## WORK REQUEST
Do any lines in the data below contain "respective"? If so, copy every one of them.

## DATA EXTRACTS
((

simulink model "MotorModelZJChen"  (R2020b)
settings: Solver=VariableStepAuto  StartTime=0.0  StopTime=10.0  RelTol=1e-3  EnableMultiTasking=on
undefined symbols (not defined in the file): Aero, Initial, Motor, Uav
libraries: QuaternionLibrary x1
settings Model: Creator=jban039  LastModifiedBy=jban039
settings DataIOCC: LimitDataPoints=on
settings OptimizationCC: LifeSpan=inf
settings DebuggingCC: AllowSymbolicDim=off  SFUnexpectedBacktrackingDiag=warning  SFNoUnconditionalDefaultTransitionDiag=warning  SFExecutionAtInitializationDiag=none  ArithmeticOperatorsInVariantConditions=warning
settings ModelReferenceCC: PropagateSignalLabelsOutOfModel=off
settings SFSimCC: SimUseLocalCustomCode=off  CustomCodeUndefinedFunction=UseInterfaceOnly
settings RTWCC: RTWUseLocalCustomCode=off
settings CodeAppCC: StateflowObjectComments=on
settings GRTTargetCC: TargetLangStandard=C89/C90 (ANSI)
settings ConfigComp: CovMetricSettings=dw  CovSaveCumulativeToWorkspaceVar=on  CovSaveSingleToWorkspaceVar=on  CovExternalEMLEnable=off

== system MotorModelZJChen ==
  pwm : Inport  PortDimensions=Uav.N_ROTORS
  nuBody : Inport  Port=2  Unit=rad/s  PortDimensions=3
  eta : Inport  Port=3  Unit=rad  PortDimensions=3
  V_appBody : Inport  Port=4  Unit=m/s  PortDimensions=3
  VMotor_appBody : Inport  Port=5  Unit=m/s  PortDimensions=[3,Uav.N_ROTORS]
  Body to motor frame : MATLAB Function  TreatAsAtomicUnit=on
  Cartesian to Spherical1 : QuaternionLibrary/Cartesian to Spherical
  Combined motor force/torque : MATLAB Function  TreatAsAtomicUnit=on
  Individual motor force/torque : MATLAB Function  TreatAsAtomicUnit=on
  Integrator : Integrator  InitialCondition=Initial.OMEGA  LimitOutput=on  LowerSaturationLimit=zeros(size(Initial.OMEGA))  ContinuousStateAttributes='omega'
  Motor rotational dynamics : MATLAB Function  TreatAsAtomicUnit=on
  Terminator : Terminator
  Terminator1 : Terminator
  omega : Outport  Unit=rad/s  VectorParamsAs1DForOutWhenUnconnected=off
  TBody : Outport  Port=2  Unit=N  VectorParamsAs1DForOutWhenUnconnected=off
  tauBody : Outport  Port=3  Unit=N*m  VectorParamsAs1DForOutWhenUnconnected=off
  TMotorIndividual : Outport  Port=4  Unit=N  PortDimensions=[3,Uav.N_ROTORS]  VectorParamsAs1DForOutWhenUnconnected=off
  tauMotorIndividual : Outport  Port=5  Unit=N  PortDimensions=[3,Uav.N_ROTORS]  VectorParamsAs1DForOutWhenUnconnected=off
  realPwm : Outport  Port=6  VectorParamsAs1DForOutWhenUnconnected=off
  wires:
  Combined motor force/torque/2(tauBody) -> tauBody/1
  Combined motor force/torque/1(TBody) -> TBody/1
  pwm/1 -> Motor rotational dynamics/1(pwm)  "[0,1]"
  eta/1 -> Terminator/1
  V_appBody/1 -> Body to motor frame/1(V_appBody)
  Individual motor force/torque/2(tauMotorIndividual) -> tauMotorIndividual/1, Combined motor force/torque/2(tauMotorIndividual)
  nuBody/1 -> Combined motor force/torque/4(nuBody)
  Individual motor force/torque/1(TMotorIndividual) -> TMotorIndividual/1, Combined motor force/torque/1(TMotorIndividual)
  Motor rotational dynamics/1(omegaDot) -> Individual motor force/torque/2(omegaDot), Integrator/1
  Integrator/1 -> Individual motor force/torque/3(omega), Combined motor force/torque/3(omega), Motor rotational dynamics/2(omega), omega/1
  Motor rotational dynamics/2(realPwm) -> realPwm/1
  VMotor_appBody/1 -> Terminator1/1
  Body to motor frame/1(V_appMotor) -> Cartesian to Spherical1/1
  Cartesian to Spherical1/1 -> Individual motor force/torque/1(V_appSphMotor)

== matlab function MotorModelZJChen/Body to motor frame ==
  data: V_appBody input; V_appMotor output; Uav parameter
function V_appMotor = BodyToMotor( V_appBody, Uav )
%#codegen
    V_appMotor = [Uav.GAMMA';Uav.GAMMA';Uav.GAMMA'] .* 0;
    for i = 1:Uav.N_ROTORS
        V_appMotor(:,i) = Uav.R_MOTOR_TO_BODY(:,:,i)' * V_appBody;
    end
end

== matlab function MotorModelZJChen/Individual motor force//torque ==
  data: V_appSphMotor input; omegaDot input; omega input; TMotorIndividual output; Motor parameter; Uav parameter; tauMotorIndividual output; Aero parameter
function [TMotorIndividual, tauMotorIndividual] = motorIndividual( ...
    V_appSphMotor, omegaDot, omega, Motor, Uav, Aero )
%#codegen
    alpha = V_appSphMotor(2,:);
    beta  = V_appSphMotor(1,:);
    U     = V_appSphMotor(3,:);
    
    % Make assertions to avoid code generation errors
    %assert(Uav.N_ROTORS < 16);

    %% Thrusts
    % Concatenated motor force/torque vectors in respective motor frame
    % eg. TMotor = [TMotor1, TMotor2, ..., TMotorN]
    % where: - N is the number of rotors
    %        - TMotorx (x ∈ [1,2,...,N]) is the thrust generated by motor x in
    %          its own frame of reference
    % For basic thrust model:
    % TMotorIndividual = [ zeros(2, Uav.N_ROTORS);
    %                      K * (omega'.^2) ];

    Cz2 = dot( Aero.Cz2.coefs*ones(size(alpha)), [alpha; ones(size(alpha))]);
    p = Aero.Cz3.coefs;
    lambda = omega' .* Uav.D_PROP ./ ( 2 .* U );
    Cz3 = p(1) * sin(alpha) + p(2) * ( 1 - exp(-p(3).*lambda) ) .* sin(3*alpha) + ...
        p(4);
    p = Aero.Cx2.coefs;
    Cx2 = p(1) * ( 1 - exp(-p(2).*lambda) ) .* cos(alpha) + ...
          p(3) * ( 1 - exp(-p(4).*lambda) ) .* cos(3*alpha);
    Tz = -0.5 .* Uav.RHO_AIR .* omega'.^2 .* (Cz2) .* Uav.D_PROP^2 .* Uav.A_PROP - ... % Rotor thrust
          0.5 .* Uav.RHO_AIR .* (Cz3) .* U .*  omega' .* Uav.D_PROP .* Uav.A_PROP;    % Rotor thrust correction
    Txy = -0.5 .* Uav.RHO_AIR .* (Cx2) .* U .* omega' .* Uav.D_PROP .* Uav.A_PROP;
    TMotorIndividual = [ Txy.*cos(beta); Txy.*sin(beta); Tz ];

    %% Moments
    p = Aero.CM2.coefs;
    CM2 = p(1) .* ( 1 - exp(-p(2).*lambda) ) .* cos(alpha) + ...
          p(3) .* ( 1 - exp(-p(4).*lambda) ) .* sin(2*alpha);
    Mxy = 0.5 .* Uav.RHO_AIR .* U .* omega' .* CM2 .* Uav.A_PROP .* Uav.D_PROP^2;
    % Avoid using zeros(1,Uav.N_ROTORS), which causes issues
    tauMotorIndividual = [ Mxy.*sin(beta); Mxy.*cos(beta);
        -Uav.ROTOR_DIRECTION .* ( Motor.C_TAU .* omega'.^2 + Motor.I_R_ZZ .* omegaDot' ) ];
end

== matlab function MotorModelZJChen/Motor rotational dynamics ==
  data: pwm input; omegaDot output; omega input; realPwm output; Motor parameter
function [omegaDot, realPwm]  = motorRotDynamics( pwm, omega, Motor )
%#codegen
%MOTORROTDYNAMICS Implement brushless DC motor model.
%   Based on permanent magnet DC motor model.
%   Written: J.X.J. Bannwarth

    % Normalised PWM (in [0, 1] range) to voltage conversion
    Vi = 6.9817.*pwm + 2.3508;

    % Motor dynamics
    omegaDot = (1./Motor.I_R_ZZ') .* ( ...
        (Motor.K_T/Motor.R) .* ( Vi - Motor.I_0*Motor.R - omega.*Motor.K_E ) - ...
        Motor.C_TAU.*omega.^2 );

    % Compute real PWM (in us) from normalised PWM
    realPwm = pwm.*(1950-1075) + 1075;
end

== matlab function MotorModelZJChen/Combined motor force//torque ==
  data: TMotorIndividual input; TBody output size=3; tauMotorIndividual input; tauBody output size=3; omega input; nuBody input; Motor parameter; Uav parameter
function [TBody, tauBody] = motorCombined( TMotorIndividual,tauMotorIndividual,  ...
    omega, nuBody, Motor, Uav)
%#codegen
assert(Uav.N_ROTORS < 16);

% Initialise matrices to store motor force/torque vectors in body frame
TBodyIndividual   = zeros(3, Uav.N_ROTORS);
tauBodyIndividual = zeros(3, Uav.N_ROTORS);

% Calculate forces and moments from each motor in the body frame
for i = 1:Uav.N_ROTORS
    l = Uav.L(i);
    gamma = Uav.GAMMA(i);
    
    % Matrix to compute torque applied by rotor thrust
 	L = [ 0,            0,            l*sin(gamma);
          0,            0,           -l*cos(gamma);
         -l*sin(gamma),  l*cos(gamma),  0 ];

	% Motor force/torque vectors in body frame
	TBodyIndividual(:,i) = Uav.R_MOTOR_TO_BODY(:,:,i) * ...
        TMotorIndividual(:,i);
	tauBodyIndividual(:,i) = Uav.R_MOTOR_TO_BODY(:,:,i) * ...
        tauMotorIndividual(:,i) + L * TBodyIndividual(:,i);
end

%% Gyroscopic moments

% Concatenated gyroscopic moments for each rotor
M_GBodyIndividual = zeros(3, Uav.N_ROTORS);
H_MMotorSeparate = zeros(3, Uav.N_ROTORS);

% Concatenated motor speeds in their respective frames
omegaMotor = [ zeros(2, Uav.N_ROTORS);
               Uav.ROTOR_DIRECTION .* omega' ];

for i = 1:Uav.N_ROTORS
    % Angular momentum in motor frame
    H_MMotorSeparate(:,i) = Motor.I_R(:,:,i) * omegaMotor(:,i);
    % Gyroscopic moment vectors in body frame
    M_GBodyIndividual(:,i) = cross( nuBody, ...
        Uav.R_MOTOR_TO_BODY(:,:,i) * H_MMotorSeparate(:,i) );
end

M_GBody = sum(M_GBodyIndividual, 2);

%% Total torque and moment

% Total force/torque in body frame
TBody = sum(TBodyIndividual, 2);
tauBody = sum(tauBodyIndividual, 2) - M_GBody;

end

))

## ANSWER TO THIS EXERCISE
    % Concatenated motor force/torque vectors in respective motor frame
% Concatenated motor speeds in their respective frames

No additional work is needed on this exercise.